-- Data listing --
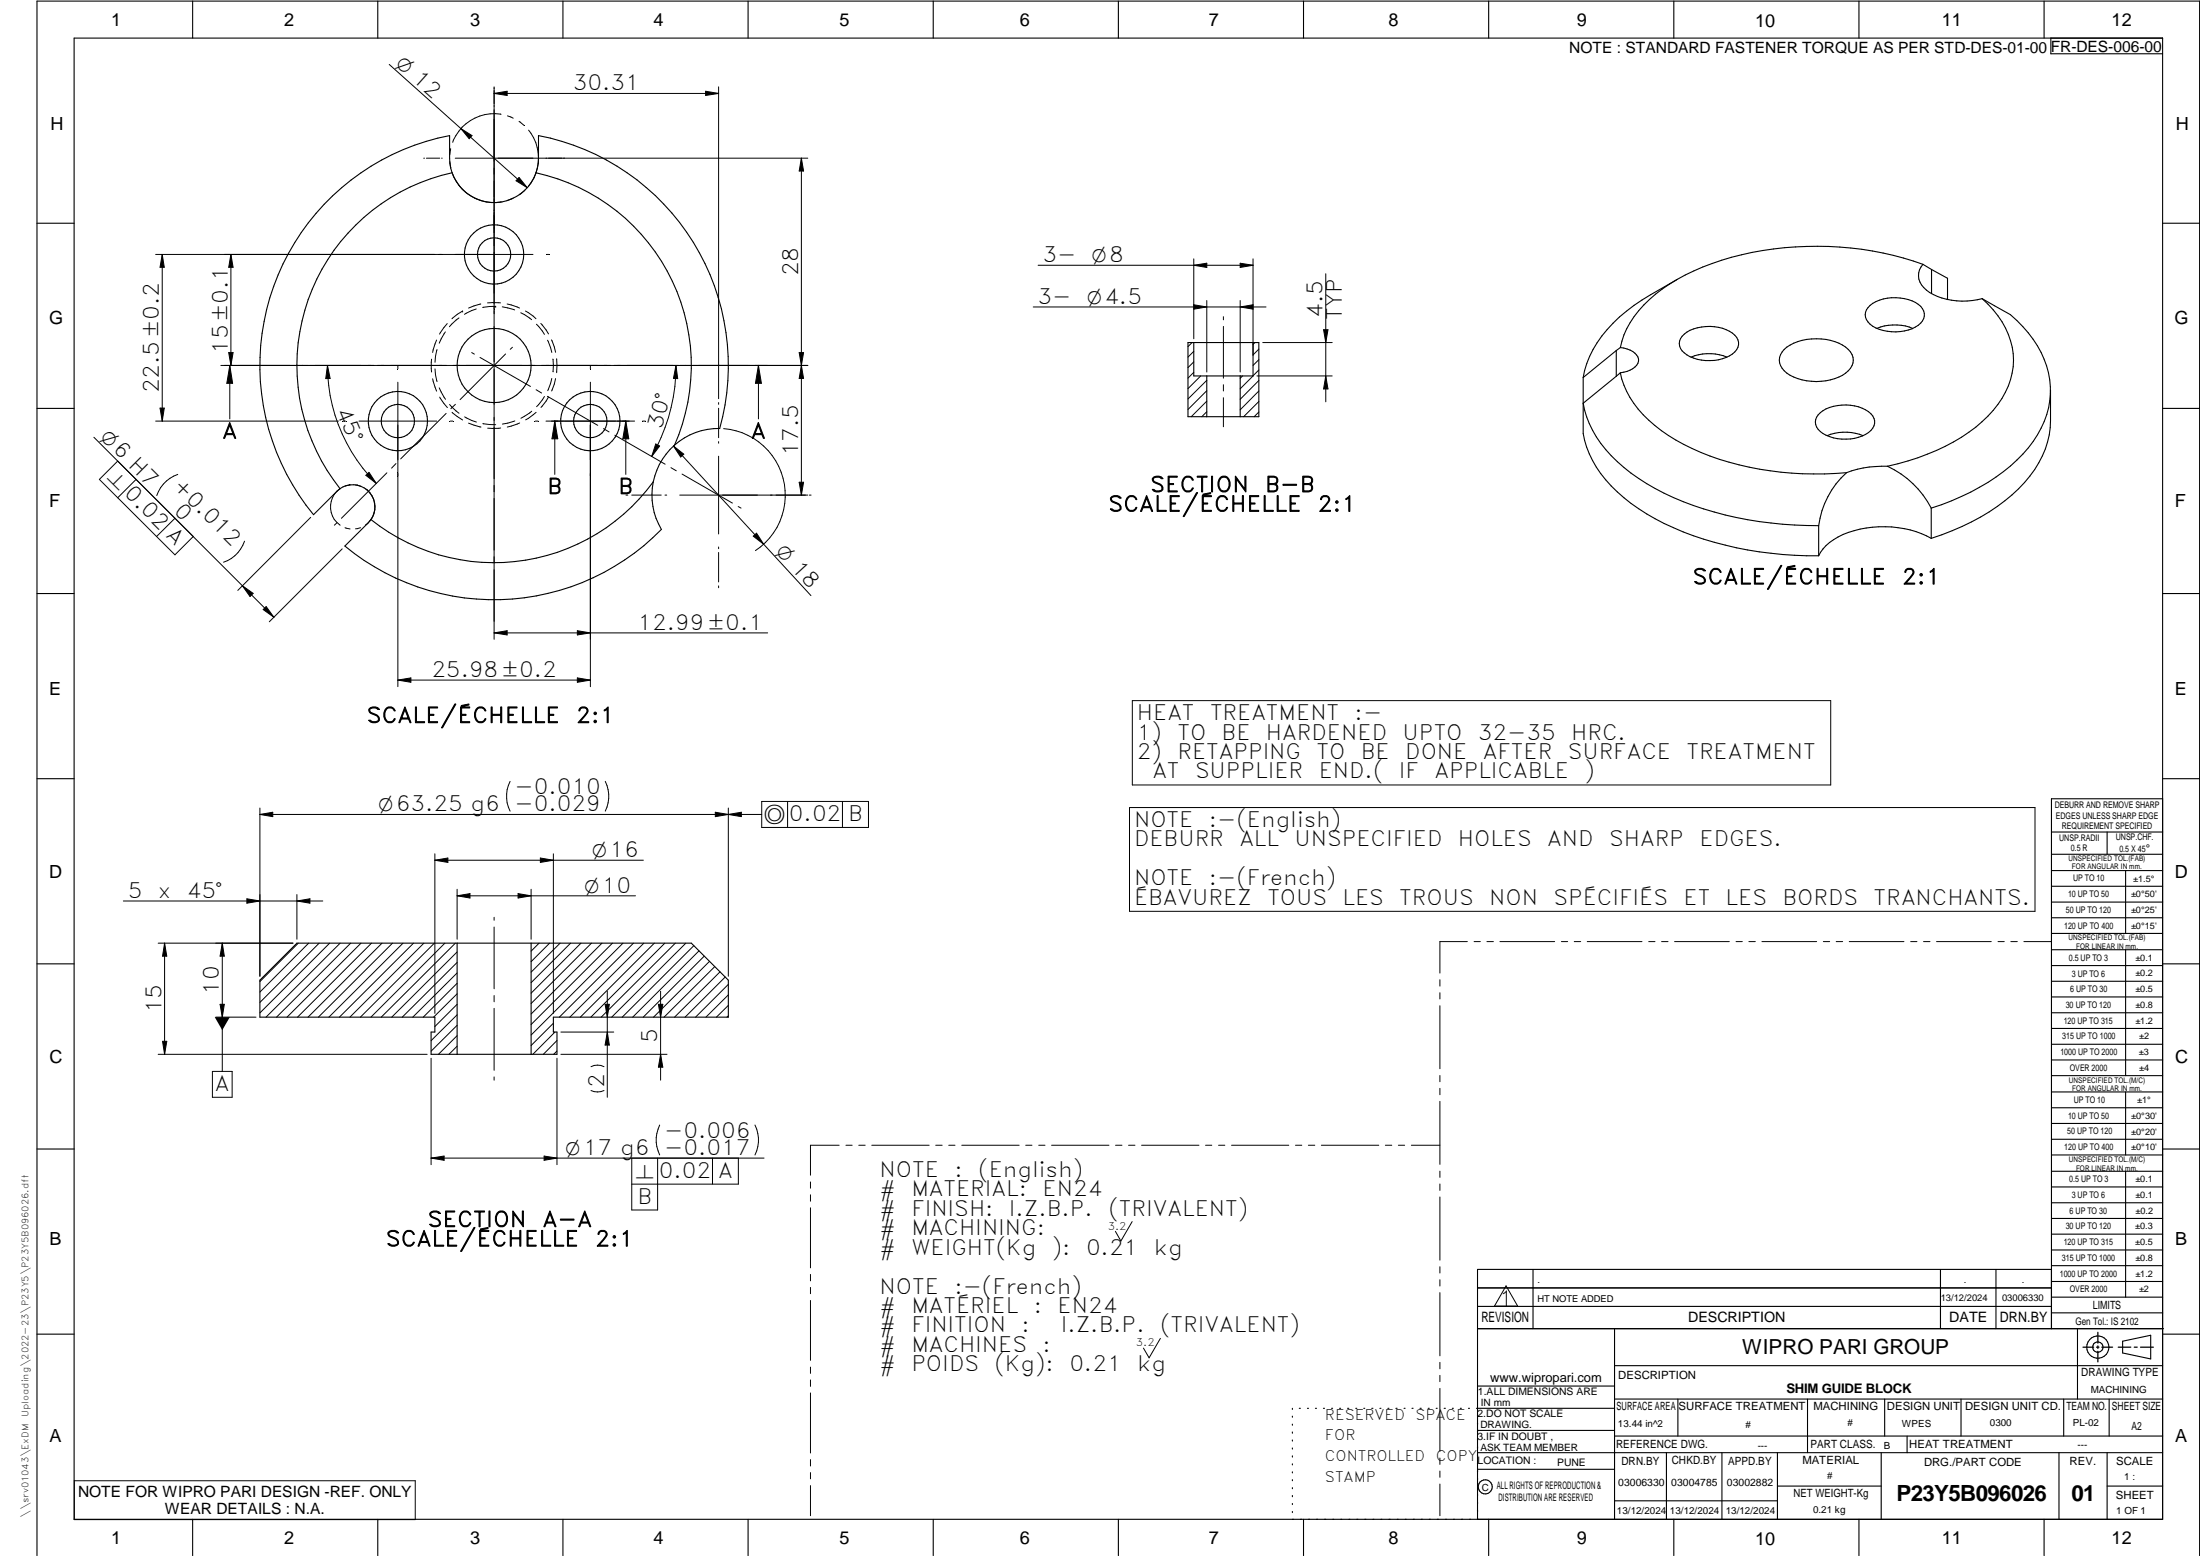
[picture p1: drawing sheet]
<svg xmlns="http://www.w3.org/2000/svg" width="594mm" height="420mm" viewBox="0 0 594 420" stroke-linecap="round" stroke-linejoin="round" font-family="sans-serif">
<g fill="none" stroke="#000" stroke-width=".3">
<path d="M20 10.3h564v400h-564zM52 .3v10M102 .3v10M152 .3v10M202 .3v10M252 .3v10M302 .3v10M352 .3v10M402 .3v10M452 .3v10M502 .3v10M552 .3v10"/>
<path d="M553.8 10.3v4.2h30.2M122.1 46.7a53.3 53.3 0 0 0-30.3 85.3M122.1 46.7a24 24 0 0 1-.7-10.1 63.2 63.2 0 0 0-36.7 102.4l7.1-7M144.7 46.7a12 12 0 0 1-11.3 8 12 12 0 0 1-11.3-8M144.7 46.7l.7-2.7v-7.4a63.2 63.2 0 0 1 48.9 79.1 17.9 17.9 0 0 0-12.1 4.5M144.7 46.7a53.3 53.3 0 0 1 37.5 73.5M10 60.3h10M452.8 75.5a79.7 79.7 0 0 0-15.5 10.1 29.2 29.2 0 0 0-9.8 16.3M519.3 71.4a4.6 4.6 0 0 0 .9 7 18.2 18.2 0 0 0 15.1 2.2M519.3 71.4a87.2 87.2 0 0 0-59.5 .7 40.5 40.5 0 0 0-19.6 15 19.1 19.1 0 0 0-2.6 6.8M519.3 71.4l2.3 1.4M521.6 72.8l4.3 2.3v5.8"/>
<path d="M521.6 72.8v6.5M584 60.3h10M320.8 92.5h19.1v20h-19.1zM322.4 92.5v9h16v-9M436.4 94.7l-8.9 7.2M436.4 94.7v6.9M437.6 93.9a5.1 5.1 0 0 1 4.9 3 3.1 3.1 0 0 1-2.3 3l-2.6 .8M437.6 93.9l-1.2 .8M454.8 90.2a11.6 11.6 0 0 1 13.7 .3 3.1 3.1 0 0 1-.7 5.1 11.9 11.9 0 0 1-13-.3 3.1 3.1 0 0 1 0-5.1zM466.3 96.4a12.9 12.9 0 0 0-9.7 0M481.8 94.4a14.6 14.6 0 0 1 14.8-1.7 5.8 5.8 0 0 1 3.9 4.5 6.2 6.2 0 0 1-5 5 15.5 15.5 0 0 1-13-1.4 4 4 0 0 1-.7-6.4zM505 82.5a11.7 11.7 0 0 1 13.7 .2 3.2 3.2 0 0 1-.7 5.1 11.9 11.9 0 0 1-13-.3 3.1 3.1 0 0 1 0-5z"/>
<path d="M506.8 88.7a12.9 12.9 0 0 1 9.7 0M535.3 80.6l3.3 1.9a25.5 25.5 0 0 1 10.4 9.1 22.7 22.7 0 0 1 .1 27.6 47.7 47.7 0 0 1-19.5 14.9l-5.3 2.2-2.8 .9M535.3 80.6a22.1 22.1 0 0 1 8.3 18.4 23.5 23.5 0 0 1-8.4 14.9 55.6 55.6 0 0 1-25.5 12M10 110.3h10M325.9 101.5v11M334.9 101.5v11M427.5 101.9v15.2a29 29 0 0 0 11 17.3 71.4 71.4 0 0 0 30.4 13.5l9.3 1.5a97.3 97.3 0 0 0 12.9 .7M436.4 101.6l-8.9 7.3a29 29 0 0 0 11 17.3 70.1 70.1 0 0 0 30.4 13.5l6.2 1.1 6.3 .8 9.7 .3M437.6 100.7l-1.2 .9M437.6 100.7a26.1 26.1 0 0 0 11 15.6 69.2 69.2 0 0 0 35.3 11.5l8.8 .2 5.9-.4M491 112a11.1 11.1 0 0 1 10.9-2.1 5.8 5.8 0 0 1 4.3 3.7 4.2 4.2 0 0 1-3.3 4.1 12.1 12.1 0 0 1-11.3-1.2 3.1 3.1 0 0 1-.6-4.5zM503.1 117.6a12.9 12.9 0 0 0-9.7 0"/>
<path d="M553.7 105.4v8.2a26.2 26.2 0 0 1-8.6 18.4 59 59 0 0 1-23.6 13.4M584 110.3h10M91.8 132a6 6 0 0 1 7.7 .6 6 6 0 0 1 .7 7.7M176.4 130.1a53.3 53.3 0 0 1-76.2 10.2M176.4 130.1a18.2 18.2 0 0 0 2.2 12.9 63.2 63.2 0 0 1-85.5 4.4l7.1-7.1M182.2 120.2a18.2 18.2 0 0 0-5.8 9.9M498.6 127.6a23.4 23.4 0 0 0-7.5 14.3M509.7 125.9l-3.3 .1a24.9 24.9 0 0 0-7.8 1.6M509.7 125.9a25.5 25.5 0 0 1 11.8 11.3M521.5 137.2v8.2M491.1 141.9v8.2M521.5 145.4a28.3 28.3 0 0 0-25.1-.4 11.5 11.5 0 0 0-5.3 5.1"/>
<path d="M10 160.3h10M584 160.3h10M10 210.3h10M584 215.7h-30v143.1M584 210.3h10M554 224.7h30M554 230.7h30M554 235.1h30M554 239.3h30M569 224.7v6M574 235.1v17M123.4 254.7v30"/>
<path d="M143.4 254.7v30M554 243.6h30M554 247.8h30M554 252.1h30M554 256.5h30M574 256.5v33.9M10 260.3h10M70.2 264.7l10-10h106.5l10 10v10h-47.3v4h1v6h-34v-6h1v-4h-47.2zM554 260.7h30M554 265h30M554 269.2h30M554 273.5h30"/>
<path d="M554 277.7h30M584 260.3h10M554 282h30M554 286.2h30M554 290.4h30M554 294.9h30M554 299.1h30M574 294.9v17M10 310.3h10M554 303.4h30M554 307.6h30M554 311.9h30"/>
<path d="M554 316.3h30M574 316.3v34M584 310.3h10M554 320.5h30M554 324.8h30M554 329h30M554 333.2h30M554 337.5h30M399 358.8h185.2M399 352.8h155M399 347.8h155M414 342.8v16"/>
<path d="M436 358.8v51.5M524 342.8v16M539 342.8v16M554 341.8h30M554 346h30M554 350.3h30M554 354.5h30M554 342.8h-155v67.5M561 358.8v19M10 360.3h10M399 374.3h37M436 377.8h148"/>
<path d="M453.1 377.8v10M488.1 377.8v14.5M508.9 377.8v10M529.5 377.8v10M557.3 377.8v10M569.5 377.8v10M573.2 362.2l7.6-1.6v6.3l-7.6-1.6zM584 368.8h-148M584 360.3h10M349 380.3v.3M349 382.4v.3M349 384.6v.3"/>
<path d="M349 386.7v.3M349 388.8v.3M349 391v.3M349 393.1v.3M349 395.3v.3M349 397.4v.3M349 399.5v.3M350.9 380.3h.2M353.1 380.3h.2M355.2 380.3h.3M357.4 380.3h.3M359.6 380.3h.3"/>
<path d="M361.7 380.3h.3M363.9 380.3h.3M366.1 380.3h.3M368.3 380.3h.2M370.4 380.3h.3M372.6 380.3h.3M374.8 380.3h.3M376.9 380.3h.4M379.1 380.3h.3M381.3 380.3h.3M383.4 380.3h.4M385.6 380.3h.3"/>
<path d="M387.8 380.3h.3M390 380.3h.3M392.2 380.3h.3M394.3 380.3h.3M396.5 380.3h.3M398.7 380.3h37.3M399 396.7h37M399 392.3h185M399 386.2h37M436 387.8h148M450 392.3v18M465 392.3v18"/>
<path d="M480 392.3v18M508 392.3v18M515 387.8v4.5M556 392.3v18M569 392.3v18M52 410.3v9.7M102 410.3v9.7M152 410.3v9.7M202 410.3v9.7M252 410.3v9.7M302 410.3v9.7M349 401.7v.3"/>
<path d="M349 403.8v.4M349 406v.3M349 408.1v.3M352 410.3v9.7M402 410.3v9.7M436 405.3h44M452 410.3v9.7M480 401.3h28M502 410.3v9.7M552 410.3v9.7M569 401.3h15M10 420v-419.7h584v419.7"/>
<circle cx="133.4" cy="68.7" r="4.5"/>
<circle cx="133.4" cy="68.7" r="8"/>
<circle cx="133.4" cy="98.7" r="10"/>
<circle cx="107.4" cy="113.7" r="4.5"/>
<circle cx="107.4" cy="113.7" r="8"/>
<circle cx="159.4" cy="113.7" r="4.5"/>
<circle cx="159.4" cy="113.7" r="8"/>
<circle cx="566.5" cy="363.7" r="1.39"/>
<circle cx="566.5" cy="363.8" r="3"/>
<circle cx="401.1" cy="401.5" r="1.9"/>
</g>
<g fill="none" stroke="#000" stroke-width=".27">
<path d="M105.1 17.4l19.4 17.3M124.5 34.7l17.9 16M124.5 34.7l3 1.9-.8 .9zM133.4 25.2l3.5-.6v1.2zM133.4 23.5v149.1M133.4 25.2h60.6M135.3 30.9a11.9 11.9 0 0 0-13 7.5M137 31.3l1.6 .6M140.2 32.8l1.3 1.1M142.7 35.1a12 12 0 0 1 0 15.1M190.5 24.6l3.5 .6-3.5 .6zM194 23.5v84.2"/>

-- Description of the task --
Write down every line of the data above that includes the string "fill".

-- Answer below --
<g fill="none" stroke="#000" stroke-width=".3">
<g fill="none" stroke="#000" stroke-width=".27">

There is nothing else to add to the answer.